Sound Hunters

Tracking down the world's most exotic music before it disappears.

Sublime Frequencies Parish Hall, 6205 Detroit Avenue 8:30 p.m. Friday, January 19, $5, 216-939-9099
Find out whether he's blowing or sucking, Friday at Parish Hall.
Find out whether he's blowing or sucking, Friday at Parish Hall.
Let's zap back for a moment to the early 20th century, to what college snobs today call "folklorists." They were men and women who hiked the rural South, toting tape recorders and stacks of staff paper. They archived American roots music -- the songs and sounds of blacks, prisoners, and the hill people of Appalachia.

Unlike popular music of the big cities, these ballads and field songs remained pretty much the same for hundreds of years, offering direct access to history. And while our country's industrial march forward ultimately devoured this archaic culture, these "sound explorers" managed to preserve the music that would go on to spawn blues, bluegrass, jazz, country, rock, and protest music. Even today, their work is stored in the U.S. Government's Archive of Folk Culture, which houses more than three million recordings of roots music -- a huge chunk of which can be purchased and downloaded into your iPod.

Alan Bishop and Hisham Mayet are modern-day sound explorers who crisscross the globe, documenting other countries' roots music traditions. Over the past several years, these two, along with a collective of multimedia archivists called Sublime Frequencies, have released a couple dozen CDs and DVDs chronicling their work. Unlike its predecessors, whose records were rather academic and really dry, Sublime Frequencies seeks to invoke mystery -- but more on that in a moment.

This month, the duo is promoting two new documentaries, snaking their way through independent movie houses: Mayet's Musical Brotherhoods From the Trans-Saharan Highway and Bishop's Sumatran Folk Cinema. The latter of the two, filmed in 2004, captures an Indonesia rapidly shedding old ways.

"When I was there [in 1989], there seemed to be a lot more street music," says Bishop. "It seems to be the curse of colonial export. Bands are disappearing or turning into workstation guys with a microphone, singing and playing all their music on a fuckin' keyboard . . . Even the shamans and the [medicine men] seem to have disappeared from the marketplaces and towns."

In a way, the same can be said of Cleveland. Raise your hand if you can recall the day Top 40 DJs and karaoke competitions started replacing local bar bands. But unlike the Indonesians, we weren't wiped from the face of the earth by the tsunami of 2004. "The entire cityscape that you see in the film is completely annihilated now," Bishop explains.

A year after Bishop's Sumatran adventure, Mayet infiltrated the eastern tip of North Africa, "where the trade caravans have gathered from their long journeys across the Trans-Saharan Highway." These get-togethers yielded "some of the last great street music on earth," he says -- psychedelic desert jams crackling with ecstatic chanting and quasi-Middle Eastern grooves. Think of them as the original hippies, invoking deep trance states Phish could never pull off.

Unlike your standard National Geographic program, Bishop and Mayet never employ narrators. Like lost tourists whose guide took the cash and split, you'll meander down bizarre streets and scramble over jagged rocks, inevitably stumbling into strange-looking dudes playing stranger-looking instruments.

"We're in your face with our cameras," says Bishop. "We're in situations that are sort of hard to film any other way."

Then how does anybody know what's going on?

"How much do you need to know?" counters Bishop. "Do we really have to analyze this shit until it doesn't mean anything?"

Mayet puts it another way. "These films are about the music. Having a narrator takes away from the immediate experience that these films convey. Threading in a voice-over would be a major distraction. The viewer is allowed to experience the sounds uninterrupted with the magic and mystery still intact."
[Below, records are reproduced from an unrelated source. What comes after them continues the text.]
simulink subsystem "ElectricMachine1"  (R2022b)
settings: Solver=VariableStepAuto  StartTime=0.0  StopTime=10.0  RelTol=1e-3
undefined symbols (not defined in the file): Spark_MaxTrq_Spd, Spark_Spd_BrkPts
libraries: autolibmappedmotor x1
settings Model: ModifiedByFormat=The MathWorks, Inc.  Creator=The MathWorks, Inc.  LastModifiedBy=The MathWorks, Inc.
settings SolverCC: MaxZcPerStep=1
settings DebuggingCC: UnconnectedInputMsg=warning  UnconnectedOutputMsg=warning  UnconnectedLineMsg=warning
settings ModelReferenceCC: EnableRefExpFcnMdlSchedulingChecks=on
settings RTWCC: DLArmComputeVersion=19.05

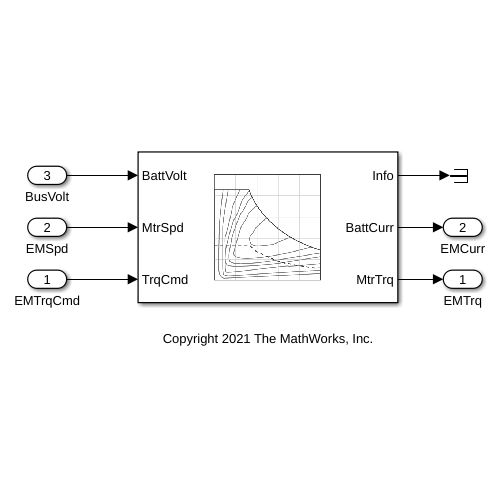
[thumbnail: Simulink's stored preview of the top-level diagram]
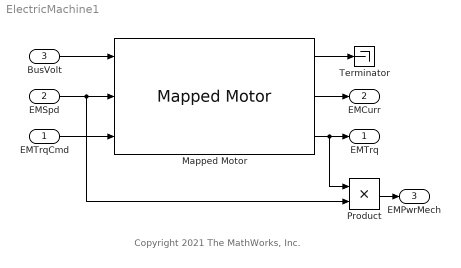
== system ElectricMachine1 ==
  note: Copyright 2021 The MathWorks, Inc.
  EMTrqCmd : Inport
  EMSpd : Inport  Port=2
  BusVolt : Inport  Port=3
  Mapped Motor : autolibmappedmotor/Mapped Motor  port_config=Speed  param_by=Tabulated torque-speed envelope  w_t=Spark_MaxTrq_Spd*(pi/30)  T_t=Spark_MaxTrq  torque_max=0.1  power_max=30  Tc=PlntEM1TimeCnst  param_loss=Tabulated efficiency data  eff=100  w_eff=375  T_eff=0.08  Piron=0  Pbase=0  w_eff_bp=Spark_Spd_BrkPts*(pi/30)  T_eff_bp=Spark_Trq_BrkPts  Temp_eff_bp=Temp_eff_bp  losses_table=losses_table  losses_table_3d=losses_table_3d  efficiency_table=Spark_EffMap  efficiency_table_3d=efficiency_table_3d  J=5e-6  b=1e-5  omega_o=0  T_t_extended=[152.195121951219 157.19263710183 168.578005975641 178.005775209291 192.222891861329 207.776256300937 218.075437684875 229.462130210989 242.676261199004 254.400604378871 265.691686602383 276.934802218937 289.161940741908 307.963362459085 326.3978124807 334.455149023278 343.284814075766 351.285699987009 355.472141711725 355.51814094933 356.300227986961 356.960983702214 357.682405078656 357.728404316261 360 360 360 360 360 360 360 360 360 360 357.728404316261 357.682405078656 356.960983702214 356.300227986961 355.51814094933 355.472141711725 351.285699987009 343.284814075766 334.455149023278 326.3978124807 307.963362459085 289.161940741908 276.934802218937 265.691686602383 254.400604378871 242.676261199004 229.462130210989 218.075437684875 207.776256300937 192.222891861329 178.005775209291 168.578005975641 157.19263710183 152.195121951219]  w_t_extended=[-922.581042604203 -900.589894029074 -858.70199198121 -816.814089933346 -774.926187885482 -733.038285837618 -701.62235930172 -670.206432765822 -638.790506229925 -607.374579694027 -575.958653158129 -544.542726622231 -513.126800086333 -481.710873550435 -450.294947014537 -418.879020478639 -387.463093942741 -356.047167406843 -324.631240870945 -293.215314335047 -261.799387799149 -230.383461263251 -198.967534727354 -167.551608191456 -136.135681655558 -104.71975511966 -73.3038285837618 -31.4159265358979 -0.10471975511966 0.10471975511966 31.4159265358979 73.3038285837618 104.71975511966 136.135681655558 167.551608191456 198.967534727354 230.383461263251 261.799387799149 293.215314335047 324.631240870945 356.047167406843 387.463093942741 418.879020478639 450.294947014537 481.710873550435 513.126800086333 544.542726622231 575.958653158129 607.374579694027 638.790506229925 670.206432765822 701.62235930172 733.038285837618 774.926187885482 816.814089933346 858.70199198121 900.589894029074 922.581042604203]  KLossIron=0  KLossCopper=0  x_w_eff_vec=[-922.581042604203 -876.451990473992 -830.322938343782 -784.193886213572 -738.064834083362 -691.935781953152 -645.806729822942 -599.677677692732 -553.548625562522 -507.419573432311 -461.290521302101 -415.161469171891 -369.032417041681 -322.903364911471 -276.774312781261 -230.645260651051 -184.516208520841 -138.38715639063 -92.2581042604203 -46.1290521302101 -0.10471975511966 0.10471975511966 46.1290521302101 92.2581042604203 138.38715639063 184.516208520841 230.645260651051 276.774312781261 322.903364911471 369.032417041681 415.161469171891 461.290521302101 507.419573432311 553.548625562522 599.677677692732 645.806729822942 691.935781953152 738.064834083362 784.193886213572 830.322938343782 876.451990473992 922.581042604203]  x_T_eff_vec=[-360 -342 -324 -306 -288 -270 -252 -234 -216 -198 -180 -162 -144 -126 -108 -90 -72 -54 -36 -18 -12 -6 -1 1 6 12 18 36 54 72 90 108 126 144 162 180 198 216 234 252 270 288 306 324 342 360]  x_tmp_eff_vec=[233.15 293.15 373.15]  x_losses_mat=[32880788.3584138 31236748.9404931 29592709.5225724 27948670.1046517 26304630.686731 24660591.2688103 23016551.8508896 21372512.432969 19728473.0150483 18084433.5971276 16440394.1792069 13884.0884772239 10771.7570379734 7749.6807578753 6134.87011769928 4832.56736602201 3866.05389281761 3179.96018940172 4104.96733563218 3163.13500321441 1953.70103139714 2152.68909940981 922.581042604203 461.290521302101 1549.93615157506 1660.64587668756 2657.0334027001 3653.42092871264 2989.16257803761 3653.42092871264 4566.7761608908 5779.04765087272 7265.3257105081 9963.87526012538 12703.9409566599 164403.941792069 180844.335971276 197284.730150483 213725.12432969 230165.518508896 246605.912688103 263046.30686731 279486.701046517 295927.095225724 312367.489404931 328807.883584138;31236748.9404931 29674911.4934684 28113074.0464438 26551236.5994191 24989399.1523945 23427561.7053698 21865724.2583452 20303886.8113205 18742049.3642959 17180211.9172712 15602.771698548 12767.0635996566 9499.60867094391 6924.06386523238 5509.12679726509 4502.70261490867 3461.4306459226 2754.56339863254 2743.67579626641 1949.85948442529 1571.56908636716 1945.00304735324 746.607251144512 403.167915618036 1419.85222456787 1367.26510513943 1735.3749411385 2524.1817325651 2603.06241170775 3281.43625233463 4259.55667370361 5206.12482341551 6515.54409718367 8834.63606397784 11713.7808526849 14198.5222456787 171802.119172712 187420.493642959 203038.868113205 218657.242583452 234275.617053698 249893.991523945 265512.365994191 281130.740464438 296749.114934684 312367.489404931;29592709.5225724 28113074.0464438 26633438.5703152 25153803.0941865 23674167.6180579 22194532.1419293 20714896.6658007 19235261.1896721 17755625.7135434 16275990.2374148 14331.6014015502 11300.4926730691 7631.90445456412 6089.03488118773 4719.73038637518 3767.85198912303 2948.38701296471 2484.39633794683 1907.97611364103 1697.63130823963 1181.39908005961 1660.64587668756 679.355131372185 373.645322254702 1245.48440751567 1056.17077757329 1524.47291479918 1793.49754682257 2353.96553020462 2809.81282335536 3586.99509364513 4483.74386705642 5754.13796272241 7173.99018729027 10424.7044909062 13077.5862789146 162759.902374148 177556.257135434 192352.611896721 207148.966658007 221945.321419293 236741.676180579 251538.030941865 266334.385703152 281130.740464438 295927.095225724;27948670.1046517 26551236.5994191 25153803.0941865 23756369.588954 22358936.0837214 20961502.5784888 19564069.0732562 18166635.5680236 16769202.062791 15356.412145413 11858.5416939614 8831.61670783839 6572.29161778993 5200.44366646895 4176.8816017 3325.63899389002 2598.66760619727 2181.88961400748 1643.07290444748 1396.03746776482 930.691645176546 1485.84104756256 616.152339167807 345.045309933972 1129.23919614754 846.929397110658 1270.39409566599 1552.70389470287 2074.97702292111 2484.3262315246 3175.98523916496 3980.5681664201 4940.4214831455 6210.81557881148 8257.56162182891 10939.5047126793 13974.3350523259 167692.02062791 181666.355680236 195640.690732562 209615.025784888 223589.360837214 237563.69588954 251538.030941865 265512.365994191 279486.701046517;26304630.686731 24989399.1523945 23674167.6180579 22358936.0837214 21043704.5493848 19728473.0150483 18413241.4807117 17098009.9463752 15767.011400638 13575.55317773 9616.60883014783 6958.89700707169 5593.75453200021 4382.01843900802 3581.58107573995 2767.74312781261 2214.19450225009 1790.79053786997 1398.43863300005 1155.23191421744 875.94507781322 1360.35479223208 534.460741922435 309.987230315012 1040.67141605754 797.110020810031 1062.81336108004 1328.51670135005 1713.78654474156 2125.62672216008 2657.03340270011 3427.57308948313 4184.82760925266 5314.0668054002 6576.15767168275 8967.48773411285 12421.631157623 14347.9803745806 170980.099463752 184132.414807117 197284.730150483 210437.045493848 223589.360837214 236741.676180579 249893.991523945 263046.30686731;24660591.2688103 23427561.7053698 22194532.1419293 20961502.5784888 19728473.0150483 18495443.4516078 17262413.8881672 ...(+28609 chars)]  x_losses_mat_3d=cat(3,[2 2 2 2 2 2 2 2 2 2 2 2 2 2 2 2 2 2 2 2 2;2 2 2 2 2 2 2 2 2 2 2 2 2 2 2 2 2 2 2 2 2;2 2 2 2 2 2 2 2 2 2 2 2 2 2 2 2 2 2 2 2 2;2 2 2 2 2 2 2 2 2 2 2 2 2 2 2 2 2 2 2 2 2;2 2 2 2 2 2 2 2 2 2 2 2 2 2 2 2 2 2 2 2 2;2 2 2 2 2 2 2 2 2 2 2 2 2 2 2 2 2 2 2 2 2;2 2 2 2 2 2 2 2 2 2 2 2 2 2 2 2 2 2 2 2 2;2 2 2 2 2 2 2 2 2 2 2 2 2 2 2 2 2 2 2 2 2;2 2 2 2 2 2 2 2 2 2 2 2 2 2 2 2 2 2 2 2 2;2 2 2 2 2 2 2 2 2 2 2 2 2 2 2 2 2 2 2 2 2;2 2 2 2 2 2 2 2 2 2 2 2 2 2 2 2 2 2 2 2 2;2 2 2 2 2 2 2 2 2 2 2 2 2 2 2 2 2 2 2 2 2;2 2 2 2 2 2 2 2 2 2 2 2 2 2 2 2 2 2 2 2 2;2 2 2 2 2 2 2 2 2 2 2 2 2 2 2 2 2 2 2 2 2;2 2 2 2 2 2 2 2 2 2 2 2 2 2 2 2 2 2 2 2 2;2 2 2 2 2 2 2 2 2 2 2 2 2 2 2 2 2 2 2 2 2;2 2 2 2 2 2 2 2 2 2 2 2 2 2 2 2 2 2 2 2 2;2 2 2 2 2 2 2 2 2 2 2 2 2 2 2 2 2 2 2 2 2;2 2 2 2 2 2 2 2 2 2 2 2 2 2 2 2 2 2 2 2 2;2 2 2 2 2 2 2 2 2 2 2 2 2 2 2 2 2 2 2 2 2;2 2 2 2 2 2 2 2 2 2 2 2 2 2 2 2 2 2 2 2 2;2 2 2 2 2 2 2 2 2 2 2 2 2 2 2 2 2 2 2 2 2;2 2 2 2 2 2 2 2 2 2 2 2 2 2 2 2 2 2 2 2 2;2 2 2 2 2 2 2 2 2 2 2 2 2 2 2 2 2 2 2 2 2;2 2 2 2 2 2 2 2 2 2 2 2 2 2 2 2 2 2 2 2 2;2 2 2 2 2 2 2 2 2 2 2 2 2 2 2 2 2 2 2 2 2;2 2 2 2 2 2 2 2 2 2 2 2 2 2 2 2 2 2 2 2 2],[1.5 1.5 1.5 1.5 1.5 1.5 1.5 1.5 1.5 1.5 1.5 1.5 1.5 1.5 1.5 1.5 1.5 1.5 1.5 1.5 1.5;1.5 1.5 1.5 1.5 1.5 1.5 1.5 1.5 1.5 1.5 1.5 1.5 1.5 1.5 1.5 1.5 1.5 1.5 1.5 1.5 1.5;1.5 1.5 1.5 1.5 1.5 1.5 1.5 1.5 1.5 1.5 1.5 1.5 1.5 1.5 1.5 1.5 1.5 1.5 1.5 1.5 1.5;1.5 1.5 1.5 1.5 1.5 1.5 1.5 1.5 1.5 1.5 1.5 1.5 1.5 1.5 1.5 1.5 1.5 1.5 1.5 1.5 1.5;1.5 1.5 1.5 1.5 1.5 1.5 1.5 1.5 1.5 1.5 1.5 1.5 1.5 1.5 1.5 1.5 1.5 1.5 1.5 1.5 1.5;1.5 1.5 1.5 1.5 1.5 1.5 1.5 1.5 1.5 1.5 1.5 1.5 1.5 1.5 1.5 1.5 1.5 1.5 1.5 1.5 1.5;1.5 1.5 1.5 1.5 1.5 1.5 1.5 1.5 1.5 1.5 1.5 1.5 1.5 1.5 1.5 1.5 1.5 1.5 1.5 1.5 1.5;1.5 1.5 1.5 1.5 1.5 1.5 1.5 1.5 1.5 1.5 1.5 1.5 1.5 1.5 1.5 1.5 1.5 1.5 1.5 1.5 1.5;1.5 1.5 1.5 1.5 1.5 1.5 1.5 1.5 1.5 1.5 1.5 1.5 1.5 1.5 1.5 1.5 1.5 1.5 1.5 1.5 1.5;1.5 1.5 1.5 1.5 1.5 1.5 1.5 1.5 1.5 1.5 1.5 1.5 1.5 1.5 1.5 1.5 1.5 1.5 1.5 1.5 1.5;1.5 1.5 1.5 1.5 1.5 1.5 1.5 1.5 1.5 1.5 1.5 1.5 1.5 1.5 1.5 1.5 1.5 1.5 1.5 1.5 1.5;1.5 1.5 1.5 1.5 1.5 1.5 1.5 1.5 1.5 1.5 1.5 1.5 1.5 1.5 1.5 1.5 1.5 1.5 1.5 1.5 1.5;1.5 1.5 1.5 1.5 1.5 1.5 1.5 1.5 1.5 1.5 1.5 1.5 1.5 1.5 1.5 1.5 1.5 1.5 1.5 1.5 1.5;1.5 1.5 1.5 1.5 1.5 1.5 1.5 1.5 1.5 1.5 1.5 1.5 1.5 1.5 1.5 1.5 1.5 1.5 1.5 1.5 1.5;1.5 1.5 1.5 1.5 1.5 1.5 1.5 1.5 1.5 1.5 1.5 1.5 1.5 1.5 1.5 1.5 1.5 1.5 1.5 1.5 1.5;1.5 1.5 1.5 1.5 1.5 1.5 1.5 1.5 1.5 1.5 1.5 1.5 1.5 1.5 1.5 1.5 1.5 1.5 1.5 1.5 1.5;1.5 1.5 1.5 1.5 1.5 1.5 1.5 1.5 1.5 1.5 1.5 1.5 1.5 1.5 1.5 1.5 1.5 1.5 1.5 1.5 1.5;1.5 1.5 1.5 1.5 1.5 1.5 1.5 1.5 1.5 1.5 1.5 1.5 1.5 1.5 1.5 1.5 1.5 1.5 1.5 1.5 1.5;1.5 1.5 1.5 1.5 1.5 1.5 1.5 1.5 1.5 1.5 1.5 1.5 1.5 1.5 1.5 1.5 1.5 1.5 1.5 1.5 1.5;1.5 1.5 1.5 1.5 1.5 1.5 1.5 1.5 1.5 1.5 1.5 1.5 1.5 1.5 1.5 1.5 1.5 1.5 1.5 1.5 1.5;1.5 1.5 1.5 1.5 1.5 1.5 1.5 1.5 1.5 1.5 1.5 1.5 1.5 1.5 1.5 1.5 1.5 1.5 1.5 1.5 1.5;1.5 1.5 1.5 1.5 1.5 1.5 1.5 1.5 1.5 1.5 1.5 1.5 1.5 1.5 1.5 1.5 1.5 1.5 1.5 1.5 1.5;1.5 1.5 1.5 1.5 1.5 1.5 1.5 1.5 1.5 1.5 1.5 1.5 1.5 1.5 1.5 1.5 1.5 1.5 1.5 1.5 1.5;1.5 1.5 1.5 1.5 1.5 1.5 1.5 1.5 1.5 1.5 1.5 1.5 1.5 1.5 1.5 1.5 1.5 1.5 1.5 1.5 1.5;1.5 1.5 1.5 1.5 1.5 1.5 1.5 1.5 1.5 1.5 1.5 1.5 1.5 1.5 1.5 1.5 1.5 1.5 1.5 1.5 1.5;1.5 1.5 1.5 1.5 1.5 1.5 1.5 1.5 1.5 1.5 1.5 1.5 1.5 1.5 1.5 1.5 1.5 1.5 1.5 1.5 1.5;1.5 1.5 1.5 1.5 1.5 1.5 1.5 1.5 1.5 1.5 1.5 1.5 1.5 1.5 1.5 1.5 1.5 1.5 1.5 1.5 1.5],[1.9 1.9 1.9 1.9 1.9 1.9 1.9 1.9 1.9 1.9 1.9 1.9 1.9 1.9 1.9 1.9 1.9 1.9 1.9 1.9 1.9;1.9 1.9 1.9 1.9 1.9 1.9 1.9 1.9 1.9 1.9 1.9 1.9 1.9 1.9 1.9 1.9 1.9 1.9 1.9 1.9 1.9;1.9 1.9 1.9 1.9 1.9 1.9 1.9 1.9 1.9 1.9 1.9 1.9 1.9 1.9 1.9 1.9 1.9 1.9 1.9 1.9 1.9;1.9 1.9 1.9 1.9 1.9 1.9 1.9 1.9 1.9 1.9 1.9 1.9 1.9 1.9 1.9 1.9 1.9 1.9 1.9 1.9 1.9;1.9 1.9 1.9 1.9 1.9 1.9 1.9 1.9 1.9 1.9 1.9 1.9 1.9 1.9 1.9 1.9 1.9 1.9 1.9 1.9 1.9;1.9 1.9 1.9 1.9 1.9 1.9 1.9 1.9 1.9 1.9 1.9 1.9 1.9 1.9 1.9 1.9 1.9 1.9 1.9 1.9 1.9;1.9 1.9 1.9 1.9 1.9 1.9 1.9 1.9 1.9 1.9 1.9 1.9 1.9 1.9 1.9 1.9 1.9 1.9 1.9 1.9 1.9 ...(+1680 chars)])  CalLossMapData={'BaseCageProjectFileName','';'BaseMbcProjectFileName','';'TaskName','Calibrate Motor Loss Map';'ChildTasks',{{'DataName','';'TaskName','Import Loss Data'},{'TaskName','Generate Response Models'},{'TaskName','Generate Calibration'},{'TaskName','Update Block Parameters'}}}  CalLossWithTempMapData={}  aMode=6  RefBlkName='autolibmappedmotor/Mapped Motor'
  Product : Product
  Terminator : Terminator
  EMTrq : Outport  VectorParamsAs1DForOutWhenUnconnected=off
  EMCurr : Outport  Port=2  VectorParamsAs1DForOutWhenUnconnected=off
  EMPwrMech : Outport  Port=3
  wires:
  EMSpd/1 -> Product/2, Mapped Motor/2
  EMTrqCmd/1 -> Mapped Motor/3
  BusVolt/1 -> Mapped Motor/1
  Mapped Motor/1 -> Terminator/1
  Mapped Motor/2 -> EMCurr/1
  Mapped Motor/3 -> EMTrq/1, Product/1
  Product/1 -> EMPwrMech/1

Think of the last time you heard some mind-blowing tune, but had not a clue who made it. With the radio cranked, did you need to know right then and there? Hell no -- the lack of backstory made it hit that much harder. Like some folklorist wandering into a Louisiana prison and encountering Lead Belly's 12-string for the first time, you meet the music on its terms; you figure it out, with no one telling you what to think and how to listen.